3. Whether descriptor redaction metadata should feed a reusable redaction helper.
4. Whether policy composition helpers should ever be referenced from descriptors.
5. Whether richer prompt composition is needed beyond boolean where gates, agent-local text items, and descriptor-local references.

Implementation Notes

The current implementation is:

• src/harness-descriptor.ts
• src/harness-descriptor-loader.ts
• src/harness-descriptor-loader-paths.ts
• exported from src/index.ts
• covered by src/tests/unit/harness-descriptor.unit.ts
• covered by src/tests/unit/harness-descriptor-loader.unit.ts
• demonstrated by src/examples/harness-descriptor/customer-support.ts
• descriptor example in src/examples/harness-descriptor/customer-support.yaml
• documented by apps/aioc-docs/src/content/docs/reference/harness-descriptor.md
• validated by a Cosmo-shaped unit fixture covering router/specialist graphs, registry-backed tools, handoffs, and prompt-readable context references

The descriptor shape ships as the supported aioc.agent_graph.v0 descriptor contract.

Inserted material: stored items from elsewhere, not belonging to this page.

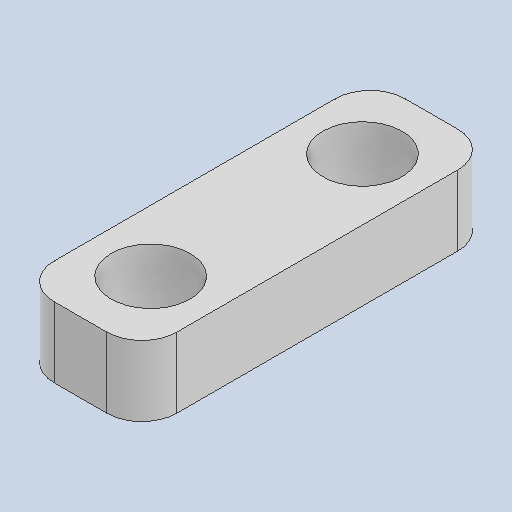
# Autodesk Inventor part: Aparter
Saved by Autodesk Inventor 2025 (Build 290162000, 162)
## iProperties
Created: 2025-08-11
Part Number: Aparter
Material: Generic
Document SubType Name: Modeling
Designer: Pravoslav
Density: 1 g/cm^3
Appearance: Default
Author: Pravoslav
Autodesk Inventor part; units mm, degrees
ref_plane "YZ Plane" through (0, 0, 0) normal (1, 0, 0) x (0, 1, 0)
ref_plane "XZ Plane" through (0, 0, 0) normal (0, 1, 0) x (-1, 0, 0)
ref_plane "XY Plane" through (0, 0, 0) normal (0, 0, 1) x (1, 0, 0)
sketch "Sketch1" plane through (0, 0, 0) normal (0, 1, 0) x (-1, 0, 0)
  circle A0 centre (-0.5725, 7.3819) radius 2.25
  circle A1 centre (-0.5725, -4.6791) radius 2.25
  line L0 (2.9275, 11.3819) -> (-4.0725, 11.3819)
  line L1 (-4.0725, 11.3819) -> (-4.0725, -8.6181)
  line L2 (-4.0725, -8.6181) -> (2.9275, -8.6181)
  line L3 (2.9275, -8.6181) -> (2.9275, 11.3819)
  point P0 (0, 0)
  dimension "d0" = 4.5
  dimension "d1" = 4.5
  dimension "d2" = 12.061
  dimension "d3" = 7
  dimension "d4" = 3.5
  dimension "d5" = 20
  dimension "d6" = 4
  constraints: 8 end point, 2 centre point, 2 parallel, 1 horizontal, 1 perpendicular
  measures "d0" diameter of A0
  measures "d1" diameter of A1
  measures "d2" distance of A1.centre A0.centre
  measures "d3" distance between parallel lines of L1 L3
  measures "d4" distance from line of L3 A0.centre
  measures "d5" distance between parallel lines of L2 L0
  measures "d6" distance from line of A0.centre L0
extrude "Extrusion1" add sketch "Sketch1" along normal blind 4
fillet "Fillet1" radius 2 4 edges at (-2.9275, 2, 11.3819) (4.0725, 2, 11.3819) (4.0725, 2, -8.6181) (-2.9275, 2, -8.6181)
body "Solid1"
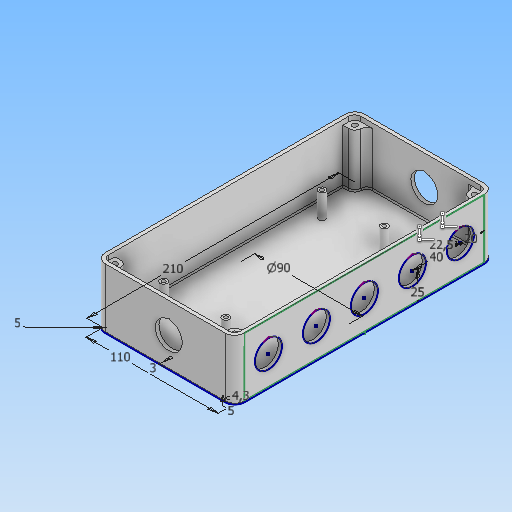
# Autodesk Inventor part: SchrackMulticlock_Box
Saved by Autodesk Inventor 2025.2 (Build 292293000, 293)
## iProperties
Created: 2024-12-26
Part Number: SchrackMulticlock_Box
Material: Všeobecné
Document SubType Name: Modeling
Designer: 42060
Density: 1 g/cm^3
Appearance: Výchozí
Author: 42060
Autodesk Inventor part; units mm, degrees
(part 1 of 2)
ref_plane "YZ Plane" through (0, 0, 0) normal (1, 0, 0) x (0, 1, 0)
ref_plane "XZ Plane" through (0, 0, 0) normal (0, 1, 0) x (-1, 0, 0)
ref_plane "XY Plane" through (0, 0, 0) normal (0, 0, 1) x (1, 0, 0)
sketch "PCB" plane through (0, 0, 0) normal (0, 1, 0) x (-1, 0, 0)
  line L0 (45, 45) -> (79, 45)
  line L1 (79, 45) -> (83.2426, 49.2426)
  line L2 (83.2426, 49.2426) -> (86.7426, 49.2426)
  line L3 (86.7426, 49.2426) -> (89.2426, 46.7426)
  line L4 (89.2426, 46.7426) -> (89.2426, 43.2426)
  line L5 (89.2426, 43.2426) -> (85, 39)
  line L6 (85, 39) -> (85, 0)
  circle A0 centre (85, 45) radius 1.6
  line L7 (85, 0) -> (45, 0)
  line L8 (45, 0) -> (45, 45)
  line L9 (45, -45) -> (79, -45)
  line L10 (79, -45) -> (83.2426, -49.2426)
  line L11 (83.2426, -49.2426) -> (86.7426, -49.2426)
  line L12 (86.7426, -49.2426) -> (89.2426, -46.7426)
  line L13 (89.2426, -46.7426) -> (89.2426, -43.2426)
  line L14 (89.2426, -43.2426) -> (85, -39)
  line L15 (85, -39) -> (85, 0)
  circle A1 centre (85, -45) radius 1.6
  line L16 (45, 45) -> (11, 45)
  line L17 (11, 45) -> (6.7574, 49.2426)
  line L18 (6.7574, 49.2426) -> (3.2574, 49.2426)
  line L19 (3.2574, 49.2426) -> (0.7574, 46.7426)
  line L20 (0.7574, 46.7426) -> (0.7574, 43.2426)
  line L21 (0.7574, 43.2426) -> (5, 39)
  line L22 (5, 39) -> (5, 0)
  circle A2 centre (5, 45) radius 1.6
  line L23 (45, -45) -> (11, -45)
  line L24 (11, -45) -> (6.7574, -49.2426)
  line L25 (6.7574, -49.2426) -> (3.2574, -49.2426)
  line L26 (3.2574, -49.2426) -> (0.7574, -46.7426)
  line L27 (0.7574, -46.7426) -> (0.7574, -43.2426)
  line L28 (0.7574, -43.2426) -> (5, -39)
  line L29 (5, -39) -> (5, 0)
  circle A3 centre (5, -45) radius 1.6
  line L30 (103.1723, 66.0113) -> (103.1723, -78.0847) construction
  line L31 (103.1723, -78.0847) -> (-10.5, -78.0847) construction
  line L32 (-10.5, -78.0847) -> (-10.5, 66.0113) construction
  line L33 (-10.5, 66.0113) -> (103.1723, 66.0113) construction
  line L34 (5, 40) -> (-75, 40)
  line L35 (-75, 40) -> (-75, -40)
  line L36 (-75, -40) -> (5, -40)
  line L37 (5, -40) -> (5, 40)
  line L38 (5, 40) -> (-75, -40) construction
  line L39 (-75, 40) -> (5, -40) construction
  circle A4 centre (-66, 31) radius 2
  line L40 (5, 0) -> (-75, 0)
  line L41 (-35, -40) -> (-35, 40)
  circle A5 centre (-66, -31) radius 2
  circle A6 centre (-4, 31) radius 2
  circle A7 centre (-4, -31) radius 2
  line L42 (-67.5, -40) -> (-67.5, 40) construction
  line L43 (-45, 55) -> (-90, 55)
  line L44 (-90, 55) -> (-90, 25)
  line L45 (-90, 25) -> (-45, 25)
  line L46 (-45, 25) -> (-45, 55)
  line L47 (-45, 55) -> (-90, 25) construction
  line L48 (-90, 55) -> (-45, 25) construction
  line L49 (-45, -15) -> (-45, 15)
  line L50 (-90, -15) -> (-45, -15)
  line L51 (-90, 15) -> (-90, -15)
  line L52 (-45, 15) -> (-90, 15)
  line L53 (-45, -55) -> (-45, -25)
  line L54 (-90, -55) -> (-45, -55)
  line L55 (-90, -25) -> (-90, -55)
  line L56 (-45, -25) -> (-90, -25)
  line L57 (76, 60.25) -> (14, 60.25)
  line L58 (14, 60.25) -> (14, 49.75)
  line L59 (14, 49.75) -> (76, 49.75)
  line L60 (76, 49.75) -> (76, 60.25)
  line L61 (76, 60.25) -> (14, 49.75) construction
  line L62 (14, 60.25) -> (76, 49.75) construction
  line L63 (-13.5, 26.75) -> (-56.5, 26.75)
  line L64 (-56.5, 26.75) -> (-56.5, -26.75)
  line L65 (-56.5, -26.75) -> (-13.5, -26.75)
  line L66 (-13.5, -26.75) -> (-13.5, 26.75)
  line L67 (-13.5, 26.75) -> (-56.5, -26.75) construction
  line L68 (-56.5, 26.75) -> (-13.5, -26.75) construction
  line L69 (-9, 26.75) -> (-61, 26.75)
  line L70 (-61, 26.75) -> (-61, -26.75)
  line L71 (-61, -26.75) -> (-9, -26.75)
  line L72 (-9, -26.75) -> (-9, 26.75)
  line L73 (-9, 26.75) -> (-61, -26.75) construction
  line L74 (-61, 26.75) -> (-9, -26.75) construction
  point P0 (0, 0)
  point P1 (0, 0)
  point P2 (-35, 0)
  point P3 (-67.5, 0)
  point P4 (45, 55)
  dimension "d2" = 6
  dimension "d3" = 39
  dimension "d4" = 34
  dimension "d5" = 40
  dimension "d6" = 45
  dimension "d7" = 3.5
  dimension "d8" = 3.2
  dimension "d11" = 45
  dimension "d65" = 80
  dimension "d66" = 80
  dimension "d68" = 80
  dimension "d69" = 4
  dimension "d70" = 31
  dimension "d83" = 55.5
  dimension "d87" = 144.096
  dimension "d91" = 66.0113
  dimension "d105" = 30
  dimension "d106" = 45
  dimension "d107" = 40
  dimension "d110" = 40
  dimension "d116" = 135
  dimension "d117" = 62
  dimension "d118" = 10.5
  dimension "d120" = 55
  dimension "d162" = 43
  dimension "d163" = 53.5
  dimension "d164" = 52
  constraints: 142 end point, 26 symmetric about line, 15 midpoint, 12 parallel, 9 horizontal, 9 perpendicular, 8 centre point, 5 horizontal alignment, 3 equal length, 3 vertical alignment, 2 vertical, 1 coincident, 1 point on line, 26 other
  measures "d2" distance of L4.end L5.end
  measures "d3" distance of L5.end L6.end
  measures "d4" distance of L0.start L0.end
  measures "d5" distance from line of L7.end L6
  measures "d6" distance from line of L7.end L0
  measures "d7" distance of L3.end L4.end
  measures "d8" diameter of A0
  measures "d11" distance of point (0, 0) L7.end
  measures "d65" distance of L35.end L36.end
  measures "d66" distance of L34.end L35.end
  measures "d68" distance of point (-35, 0) L7.end
  measures "d69" diameter of A4
  measures "d70" vertical distance of L40.end A4.centre
  measures "d83" distance from line of L7.end L32
  measures "d87" distance between parallel lines of L31 L33
  measures "d91" distance from line of L33 L7.end
  measures "d105" distance of L45.end L43.start
  measures "d106" distance of L44.end L45.end
  measures "d107" distance of L42.end point (-67.5, 0)
  measures "d110" distance of L45.end L49.start
  measures "d116" distance from line of L7.end L51
  measures "d117" distance of L58.end L59.end
  measures "d118" distance of L57.end L58.end
  measures "d120" distance of L7.end point (45, 55)
  measures "d162" distance of L63.start L63.end
  measures "d163" distance of L65.end L63.start
  measures "d164" distance of L70.end L71.end
sketch "Náčrt2" plane through (0, 0, 0) normal (0, 1, 0) x (-1, 0, 0)
  line L0 (50, 105) -> (-40, 105)
  line L1 (-55, 90) -> (-55, -100)
  line L2 (-50, -105) -> (50, -105)
  line L3 (55, -100) -> (55, 100)
  line L4 (55, 105) -> (-55, -105) construction
  line L5 (-55, 105) -> (55, -105) construction
  arc A0 (55, 100) -> (50, 105) centre (50, 100) ccw
  arc A1 (50, -105) -> (55, -100) centre (50, -100) ccw
  arc A2 (-55, -100) -> (-50, -105) centre (-50, -100) ccw
  arc A3 (-50, 105) -> (-55, 100) centre (-50, 100) ccw
  line L6 (-50, 108) -> (50, 108)
  arc A4 (58, 100) -> (50, 108) centre (50, 100) ccw
  line L7 (58, 100) -> (58, -100)
  arc A5 (50, -108) -> (58, -100) centre (50, -100) ccw
  line L8 (50, -108) -> (-50, -108)
  arc A6 (-58, -100) -> (-50, -108) centre (-50, -100) ccw
  line L9 (-58, -100) -> (-58, 100)
  arc A7 (-50, 108) -> (-58, 100) centre (-50, 100) ccw
  circle A8 centre (-50, 100) radius 5
  line L10 (-45, 100) -> (-45, 100)
  line L11 (-50, 95) -> (-50, 95)
  arc A9 (-40, 105) -> (-45, 100) centre (-40, 100) ccw
  arc A10 (-50, 95) -> (-55, 90) centre (-50, 90) ccw
  line L12 (-40, 105) -> (-50, 105)
  line L13 (-55, 90) -> (-55, 100)
  circle A11 centre (-50, 100) radius 2.15
  line L14 (55, 0) -> (-55, 0)
  line L15 (0, 105) -> (0, -105)
  circle A12 centre (-50, -100) radius 5
  arc A13 (-45, -100) -> (-40, -105) centre (-40, -100) ccw
  arc A14 (-55, -90) -> (-50, -95) centre (-50, -90) ccw
  circle A15 centre (-50, -100) radius 2.15
  circle A16 centre (50, 100) radius 5
  line L16 (45, 100) -> (45, 100)
  line L17 (50, 95) -> (50, 95)
  arc A17 (45, 100) -> (40, 105) centre (40, 100) ccw
  arc A18 (55, 90) -> (50, 95) centre (50, 90) ccw
  circle A19 centre (50, 100) radius 2.15
  arc A20 (50, -95) -> (55, -90) centre (50, -90) ccw
  circle A21 centre (50, -100) radius 2.15
  arc A22 (40, -105) -> (45, -100) centre (40, -100) ccw
  circle A23 centre (50, -100) radius 5
  line L18 (-50, 95) -> (-55, 95)
  line L19 (-50, -95) -> (-55, -95)
  line L20 (50, 95) -> (55, 95)
  line L21 (50, -95) -> (55, -95)
  point P0 (0, 0)
  point P1 (-45, 100)
  point P2 (-55, 100)
  point P3 (-45, -100)
  point P4 (-50, -95)
  point P5 (50, -100)
  point P6 (45, -100)
  point P7 (50, -95)
  point P8 (-40, -105)
  point P9 (-45, -100)
  point P10 (-50, -95)
  point P11 (50, -95)
  point P12 (40, -105)
  point P13 (45, 100)
  point P14 (40, 105)
  point P15 (55, 95)
  point P16 (50, -95)
  point P17 (-50, -95)
  point P18 (45, 0)
  point P19 (0, 0)
  dimension "d9" = 210
  dimension "d10" = 110
  dimension "d12" = 5
  dimension "d124" = 3
  dimension "d136" = 5
  dimension "d137" = 4.3
  dimension "d525" = 90
  constraints: 44 end point, 41 point on circle, 40 symmetric about line, 24 centre point, 16 tangent, 13 point on line, 8 coincident, 6 midpoint, 5 equal radius, 4 parallel, 4 perpendicular, 3 horizontal, 2 vertical, 1 horizontal alignment, 19 other
  measures "d9" distance of L5.end L4.start
  measures "d10" distance of L4.start L5.start
  measures "d12" radius of A0
  measures "d124" distance between parallel lines of L0 L6
  measures "d136" radius of A9
  measures "d137" diameter of A11
  measures "d525" diameter of point (45, 0) point (0, 0)
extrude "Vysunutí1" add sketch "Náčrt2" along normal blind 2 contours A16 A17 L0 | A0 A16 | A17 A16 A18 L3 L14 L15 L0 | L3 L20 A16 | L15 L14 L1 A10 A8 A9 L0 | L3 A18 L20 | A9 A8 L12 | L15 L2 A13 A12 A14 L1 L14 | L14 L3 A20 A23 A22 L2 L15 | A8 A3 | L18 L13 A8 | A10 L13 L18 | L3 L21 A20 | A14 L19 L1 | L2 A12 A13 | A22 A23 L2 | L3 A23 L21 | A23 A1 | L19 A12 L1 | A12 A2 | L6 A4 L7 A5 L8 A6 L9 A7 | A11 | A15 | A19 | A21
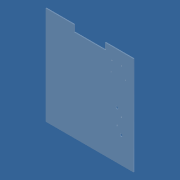
# Autodesk Inventor part: top plate
Saved by Autodesk Inventor 2012 (Build 160160000, 160)
## iProperties
Created: 2012-03-16
Part Number: top plate
Material: Polycarbonate, Clear
Document SubType Name: Modeling
Designer: Ed
Mass: 2419.06 g
Surface Area: 6511.83 cm^2
Volume: 2015.88 cm^3
Density: 1.2 g/cm^3
Author: Ed
Autodesk Inventor part; units mm, degrees
ref_plane "YZ Plane" through (0, 0, 0) normal (1, 0, 0) x (0, 1, 0)
ref_plane "XZ Plane" through (0, 0, 0) normal (0, 1, 0) x (-1, 0, 0)
ref_plane "XY Plane" through (0, 0, 0) normal (0, 0, 1) x (1, 0, 0)
sketch "Sketch1" plane through (0, 0, 0) normal (0, 0, 1) x (1, 0, 0)
  line L0 (0, 0) -> (539.75, 0)
  line L1 (539.75, 0) -> (539.75, 603.25)
  line L2 (539.75, 603.25) -> (0, 603.25)
  line L3 (0, 603.25) -> (0, 0)
  line L4 (174.625, 603.25) -> (365.125, 603.25)
  line L5 (365.125, 603.25) -> (365.125, 563.25)
  line L6 (365.125, 563.25) -> (174.625, 563.25)
  line L7 (174.625, 563.25) -> (174.625, 603.25)
  point P0 (269.875, 603.25)
  dimension "d0" = 603.25
  dimension "d1" = 539.75
  dimension "d4" = 40
  dimension "d5" = 190.5
  constraints: 16 end point, 4 parallel, 2 horizontal, 2 midpoint, 2 perpendicular, 1 point on line
  measures "d0" distance of L2.end L0.start
  measures "d1" distance of L0.start L0.end
  measures "d4" distance of L4.end L5.end
  measures "d5" distance of L5.end L6.end
extrude "Extrusion1" add sketch "Sketch1" along normal blind 6.35 contours L3 L2 L7 L6 L5 L1 L0
hole "Hole1" at (463.55, 527.05, 0) direction (0, 0, 1) diameter 4.4958 end through all clearance for "Flat Head Machine Screw (82)" size "#8" standard "Ansi Unified Screw Threads"
hole "Hole2" at (404.876, 527.05, 0) direction (0, 0, 1) diameter 4.4958 end through all clearance for "Flat Head Machine Screw (82)" size "#8" standard "Ansi Unified Screw Threads"
sketch "Sketch2" plane through (0, 0, 0) normal (0, 0, -1) x (-1, 0, 0)
  line L0 (-539.75, 603.25) -> (-365.125, 603.25) projected
  line L1 (-539.75, 0) -> (-539.75, 603.25) projected
  line L2 (-174.625, 563.25) -> (-365.125, 563.25) projected
  line L3 (-488.95, 463.55) -> (-400.05, 463.55)
  point P0 (-444.5, 463.55)
  dimension "d24" = 88.9
  dimension "d25" = 50.8
  dimension "d27" = 139.7
  constraints: 2 end point, 1 midpoint, 1 parallel
  measures "d24" distance of L3.start L3.end
  measures "d25" distance from line of L1 L3.start
  measures "d27" distance between parallel lines of L0 L3
hole "Hole3" at (488.95, 463.55, 0) at (400.05, 463.55, 0) direction (0, 0, 1) diameter 3.81 end through all clearance for "Flat Head Machine Screw (82)" size "#6" standard "Ansi Unified Screw Threads"
hole "Hole4" at (463.55, 254, 0) direction (0, 0, 1) diameter 6.7564 end through all clearance for "Flat Head Machine Screw (82)" size "1/4" standard "Ansi Unified Screw Threads"
hole "Hole5" at (436.88, 197.358, 0) direction (0, 0, 1) diameter 6.7564 end through all clearance for "Flat Head Machine Screw (82)" size "1/4" standard "Ansi Unified Screw Threads"
sketch "Sketch3" plane through (0, 0, 0) normal (0, 0, -1) x (-1, 0, 0)
  circle A0 centre (-436.88, 197.358) radius 3.3782 projected
  circle A1 centre (-463.55, 254) radius 3.3782 projected
  point P0 (-436.88, 292.1)
  point P1 (-463.55, 158.75)
  dimension "d53" = 133.35
  dimension "d54" = 38.1
  constraints: 2 vertical alignment
  measures "d53" vertical distance of point (-436.88, 292.1) point (-463.55, 158.75)
  measures "d54" vertical distance of point (-436.88, 292.1) A1.centre
hole "Hole6" at (436.88, 292.1, 0) at (463.55, 158.75, 0) direction (0, 0, 1) diameter 15.875 end through all
body "Solid1"

Future changes to this contract should include explicit migration guidance.

Minimal Test Matrix

1. Builds an entry agent from a descriptor.
2. Applies agent_defaults.
3. Resolves tool ids through the registry.
4. Resolves handoff ids to built agents.
5. Produces a stable descriptor hash for equivalent descriptor content.
6. Builds context from field defaults.
7. Applies {{input.message}} and {{runtime.now_iso}} defaults.
8. Merges application context overrides.
9. Rejects undeclared context references in instruction templates.
10. Rejects missing required context references at instruction-resolution time.
11. Allows missing optional context references.
12. Rejects non-path instruction expressions.
13. Keeps reference paths exact: parent references do not allow child paths.
14. Rejects missing entry agents, unknown tool ids, missing registry targets, and unknown handoff ids.
15. Attaches harness metadata to run records in examples or tests.
16. Composes with strict replay without executing live tools when replay data is available.

Status

Accepted. Implemented in src/harness-descriptor.ts, src/harness-descriptor-loader.ts, and src/harness-descriptor-loader-paths.ts, and promoted into the supported 0.2.x API surface.